-- Try it --
Starting at the line that contains "#63=DIRECTION('',(-1.,0.,0.));" in the listing below, write out every line word for word until you have written the line that contains "#85=LINE('',#84,#83);".

-- Data provided --
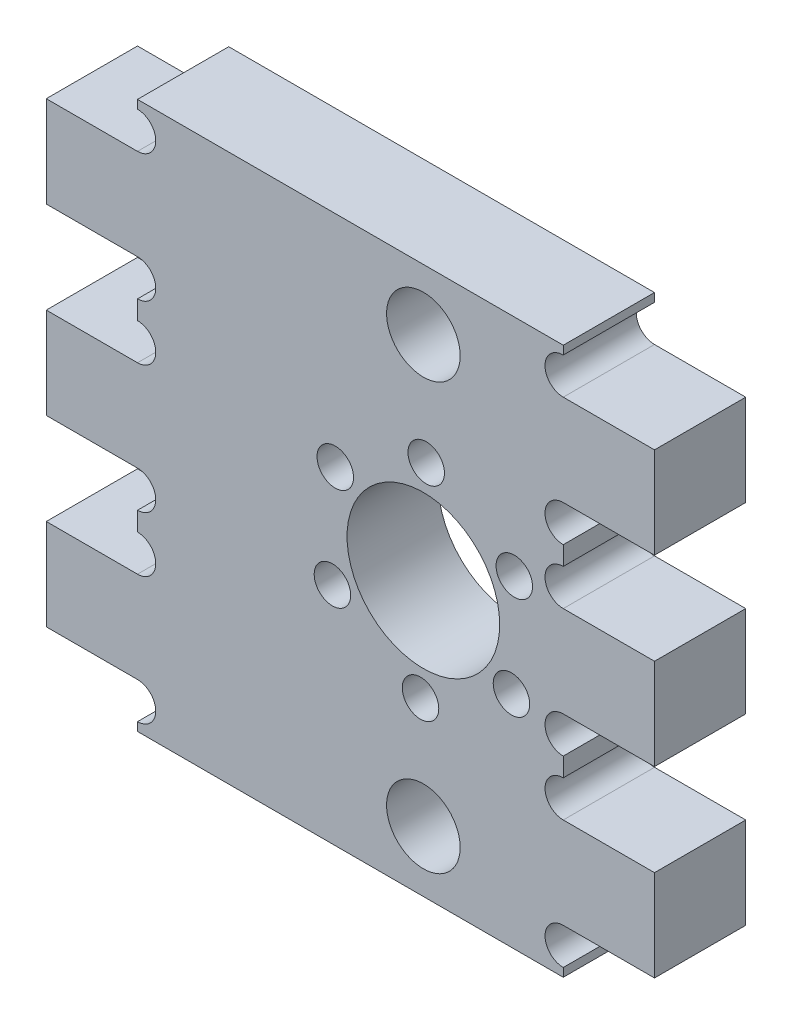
ISO-10303-21;
HEADER;
FILE_DESCRIPTION(('STEP AP214'),'2;1');
FILE_NAME('part.step','',(''),(''),'','','');
FILE_SCHEMA(('AUTOMOTIVE_DESIGN { 1 0 10303 214 1 1 1 1 }'));
ENDSEC;
DATA;
#1=APPLICATION_CONTEXT('core data for automotive mechanical design processes');
#2=APPLICATION_PROTOCOL_DEFINITION('international standard','automotive_design',2000,#1);
#3=PRODUCT_CONTEXT('',#1,'mechanical');
#4=PRODUCT('Part','Part','',(#3));
#5=PRODUCT_RELATED_PRODUCT_CATEGORY('part','',(#4));
#6=PRODUCT_DEFINITION_FORMATION('','',#4);
#7=PRODUCT_DEFINITION_CONTEXT('part definition',#1,'design');
#8=PRODUCT_DEFINITION('design','',#6,#7);
#9=PRODUCT_DEFINITION_SHAPE('','',#8);
#10=(LENGTH_UNIT() NAMED_UNIT(*) SI_UNIT(.MILLI.,.METRE.));
#11=(NAMED_UNIT(*) PLANE_ANGLE_UNIT() SI_UNIT($,.RADIAN.));
#12=(NAMED_UNIT(*) SI_UNIT($,.STERADIAN.) SOLID_ANGLE_UNIT());
#13=UNCERTAINTY_MEASURE_WITH_UNIT(LENGTH_MEASURE(1.E-05),#10,'distance_accuracy_value','');
#14=(GEOMETRIC_REPRESENTATION_CONTEXT(3) GLOBAL_UNCERTAINTY_ASSIGNED_CONTEXT((#13)) GLOBAL_UNIT_ASSIGNED_CONTEXT((#10,
#11,#12)) REPRESENTATION_CONTEXT('',''));
#15=CARTESIAN_POINT('',(0.,0.,0.));
#16=DIRECTION('',(0.,0.,1.));
#17=DIRECTION('',(1.,0.,0.));
#18=AXIS2_PLACEMENT_3D('',#15,#16,#17);
#19=CARTESIAN_POINT('',(96.5881133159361,34.5,15.));
#20=DIRECTION('',(0.,0.,-1.));
#21=DIRECTION('',(-1.,0.,0.));
#22=AXIS2_PLACEMENT_3D('',#19,#20,#21);
#23=CYLINDRICAL_SURFACE('',#22,3.00000000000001);
#24=CARTESIAN_POINT('',(96.5881133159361,34.5,0.));
#25=DIRECTION('',(0.,0.,-1.));
#26=DIRECTION('',(1.,0.,0.));
#27=AXIS2_PLACEMENT_3D('',#24,#25,#26);
#28=CIRCLE('',#27,3.00000000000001);
#29=CARTESIAN_POINT('',(96.5881133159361,31.5,0.));
#30=VERTEX_POINT('',#29);
#31=CARTESIAN_POINT('',(96.5881133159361,37.5,0.));
#32=VERTEX_POINT('',#31);
#33=EDGE_CURVE('E415',#30,#32,#28,.T.);
#34=ORIENTED_EDGE('',*,*,#33,.T.);
#35=DIRECTION('',(0.,0.,-1.));
#36=VECTOR('',#35,1.);
#37=CARTESIAN_POINT('',(96.5881133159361,37.5,15.));
#38=LINE('',#37,#36);
#39=CARTESIAN_POINT('',(96.5881133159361,37.5,15.));
#40=VERTEX_POINT('',#39);
#41=EDGE_CURVE('E11',#40,#32,#38,.T.);
#42=ORIENTED_EDGE('',*,*,#41,.F.);
#43=CARTESIAN_POINT('',(96.5881133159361,34.5,15.));
#44=DIRECTION('',(0.,0.,-1.));
#45=DIRECTION('',(1.,0.,0.));
#46=AXIS2_PLACEMENT_3D('',#43,#44,#45);
#47=CIRCLE('',#46,3.00000000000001);
#48=CARTESIAN_POINT('',(96.5881133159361,31.5,15.));
#49=VERTEX_POINT('',#48);
#50=EDGE_CURVE('E534',#49,#40,#47,.T.);
#51=ORIENTED_EDGE('',*,*,#50,.F.);
#52=DIRECTION('',(0.,0.,-1.));
#53=VECTOR('',#52,1.);
#54=CARTESIAN_POINT('',(96.5881133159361,31.5,15.));
#55=LINE('',#54,#53);
#56=EDGE_CURVE('E411',#49,#30,#55,.T.);
#57=ORIENTED_EDGE('',*,*,#56,.T.);
#58=EDGE_LOOP('',(#34,#42,#51,#57));
#59=FACE_BOUND('',#58,.T.);
#60=ADVANCED_FACE('F40',(#59),#23,.F.);
#61=CARTESIAN_POINT('',(96.5881133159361,37.5,15.));
#62=DIRECTION('',(0.,1.,0.));
#63=DIRECTION('',(-1.,0.,0.));
#64=AXIS2_PLACEMENT_3D('',#61,#62,#63);
#65=PLANE('',#64);
#66=DIRECTION('',(1.,0.,0.));
#67=VECTOR('',#66,1.);
#68=CARTESIAN_POINT('',(96.5881133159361,37.5,0.));
#69=LINE('',#68,#67);
#70=CARTESIAN_POINT('',(111.588113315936,37.5,0.));
#71=VERTEX_POINT('',#70);
#72=EDGE_CURVE('E419',#32,#71,#69,.T.);
#73=ORIENTED_EDGE('',*,*,#72,.T.);
#74=DIRECTION('',(0.,0.,-1.));
#75=VECTOR('',#74,1.);
#76=CARTESIAN_POINT('',(111.588113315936,37.5,15.));
#77=LINE('',#76,#75);
#78=CARTESIAN_POINT('',(111.588113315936,37.5,15.));
#79=VERTEX_POINT('',#78);
#80=EDGE_CURVE('E49',#79,#71,#77,.T.);
#81=ORIENTED_EDGE('',*,*,#80,.F.);
#82=DIRECTION('',(1.,0.,0.));
#83=VECTOR('',#82,1.);
#84=CARTESIAN_POINT('',(96.5881133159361,37.5,15.));
#85=LINE('',#84,#83);
#86=EDGE_CURVE('E240',#40,#79,#85,.T.);
#87=ORIENTED_EDGE('',*,*,#86,.F.);
#88=ORIENTED_EDGE('',*,*,#41,.T.);
#89=EDGE_LOOP('',(#73,#81,#87,#88));
#90=FACE_BOUND('',#89,.T.);
#91=ADVANCED_FACE('F873',(#90),#65,.F.);
#92=CARTESIAN_POINT('',(111.588113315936,37.5,15.));
#93=DIRECTION('',(-1.,0.,0.));
#94=DIRECTION('',(0.,0.,1.));
#95=AXIS2_PLACEMENT_3D('',#92,#93,#94);
#96=PLANE('',#95);
#97=DIRECTION('',(0.,1.,0.));
#98=VECTOR('',#97,1.);
#99=CARTESIAN_POINT('',(111.588113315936,37.5,0.));
#100=LINE('',#99,#98);
#101=CARTESIAN_POINT('',(111.588113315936,52.5,0.));
#102=VERTEX_POINT('',#101);
#103=EDGE_CURVE('E423',#71,#102,#100,.T.);
#104=ORIENTED_EDGE('',*,*,#103,.T.);
#105=DIRECTION('',(0.,0.,-1.));
#106=VECTOR('',#105,1.);
#107=CARTESIAN_POINT('',(111.588113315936,52.5,15.));
#108=LINE('',#107,#106);
#109=CARTESIAN_POINT('',(111.588113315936,52.5,15.));
#110=VERTEX_POINT('',#109);
#111=EDGE_CURVE('E672',#110,#102,#108,.T.);
#112=ORIENTED_EDGE('',*,*,#111,.F.);
#113=DIRECTION('',(0.,1.,0.));
#114=VECTOR('',#113,1.);
#115=CARTESIAN_POINT('',(111.588113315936,37.5,15.));
#116=LINE('',#115,#114);
#117=EDGE_CURVE('E682',#79,#110,#116,.T.);
#118=ORIENTED_EDGE('',*,*,#117,.F.);
#119=ORIENTED_EDGE('',*,*,#80,.T.);
#120=EDGE_LOOP('',(#104,#112,#118,#119));
#121=FACE_BOUND('',#120,.T.);
#122=ADVANCED_FACE('F680',(#121),#96,.F.);
#123=CARTESIAN_POINT('',(111.588113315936,52.5,15.));
#124=DIRECTION('',(0.,-1.,0.));
#125=DIRECTION('',(1.,0.,0.));
#126=AXIS2_PLACEMENT_3D('',#123,#124,#125);
#127=PLANE('',#126);
#128=DIRECTION('',(-1.,0.,0.));
#129=VECTOR('',#128,1.);
#130=CARTESIAN_POINT('',(111.588113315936,52.5,0.));
#131=LINE('',#130,#129);
#132=CARTESIAN_POINT('',(96.5881133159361,52.5,0.));
#133=VERTEX_POINT('',#132);
#134=EDGE_CURVE('E426',#102,#133,#131,.T.);
#135=ORIENTED_EDGE('',*,*,#134,.T.);
#136=DIRECTION('',(0.,0.,-1.));
#137=VECTOR('',#136,1.);
#138=CARTESIAN_POINT('',(96.5881133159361,52.5,15.));
#139=LINE('',#138,#137);
#140=CARTESIAN_POINT('',(96.5881133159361,52.5,15.));
#141=VERTEX_POINT('',#140);
#142=EDGE_CURVE('E668',#141,#133,#139,.T.);
#143=ORIENTED_EDGE('',*,*,#142,.F.);
#144=DIRECTION('',(-1.,0.,0.));
#145=VECTOR('',#144,1.);
#146=CARTESIAN_POINT('',(111.588113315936,52.5,15.));
#147=LINE('',#146,#145);
#148=EDGE_CURVE('E701',#110,#141,#147,.T.);
#149=ORIENTED_EDGE('',*,*,#148,.F.);
#150=ORIENTED_EDGE('',*,*,#111,.T.);
#151=EDGE_LOOP('',(#135,#143,#149,#150));
#152=FACE_BOUND('',#151,.T.);
#153=ADVANCED_FACE('F691',(#152),#127,.F.);
#154=CARTESIAN_POINT('',(96.5881133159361,55.5,15.));
#155=DIRECTION('',(0.,0.,-1.));
#156=DIRECTION('',(-1.,0.,0.));
#157=AXIS2_PLACEMENT_3D('',#154,#155,#156);
#158=CYLINDRICAL_SURFACE('',#157,3.);
#159=CARTESIAN_POINT('',(96.5881133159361,55.5,0.));
#160=DIRECTION('',(0.,0.,-1.));
#161=DIRECTION('',(1.,0.,0.));
#162=AXIS2_PLACEMENT_3D('',#159,#160,#161);
#163=CIRCLE('',#162,3.);
#164=CARTESIAN_POINT('',(96.5881133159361,58.5,0.));
#165=VERTEX_POINT('',#164);
#166=EDGE_CURVE('E429',#133,#165,#163,.T.);
#167=ORIENTED_EDGE('',*,*,#166,.T.);
#168=DIRECTION('',(0.,0.,-1.));
#169=VECTOR('',#168,1.);
#170=CARTESIAN_POINT('',(96.5881133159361,58.5,15.));
#171=LINE('',#170,#169);
#172=CARTESIAN_POINT('',(96.5881133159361,58.5,15.));
#173=VERTEX_POINT('',#172);
#174=EDGE_CURVE('E664',#173,#165,#171,.T.);
#175=ORIENTED_EDGE('',*,*,#174,.F.);
#176=CARTESIAN_POINT('',(96.5881133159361,55.5,15.));
#177=DIRECTION('',(0.,0.,-1.));
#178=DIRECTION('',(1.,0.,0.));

-- Response area --
#63=DIRECTION('',(-1.,0.,0.));
#64=AXIS2_PLACEMENT_3D('',#61,#62,#63);
#65=PLANE('',#64);
#66=DIRECTION('',(1.,0.,0.));
#67=VECTOR('',#66,1.);
#68=CARTESIAN_POINT('',(96.5881133159361,37.5,0.));
#69=LINE('',#68,#67);
#70=CARTESIAN_POINT('',(111.588113315936,37.5,0.));
#71=VERTEX_POINT('',#70);
#72=EDGE_CURVE('E419',#32,#71,#69,.T.);
#73=ORIENTED_EDGE('',*,*,#72,.T.);
#74=DIRECTION('',(0.,0.,-1.));
#75=VECTOR('',#74,1.);
#76=CARTESIAN_POINT('',(111.588113315936,37.5,15.));
#77=LINE('',#76,#75);
#78=CARTESIAN_POINT('',(111.588113315936,37.5,15.));
#79=VERTEX_POINT('',#78);
#80=EDGE_CURVE('E49',#79,#71,#77,.T.);
#81=ORIENTED_EDGE('',*,*,#80,.F.);
#82=DIRECTION('',(1.,0.,0.));
#83=VECTOR('',#82,1.);
#84=CARTESIAN_POINT('',(96.5881133159361,37.5,15.));
#85=LINE('',#84,#83);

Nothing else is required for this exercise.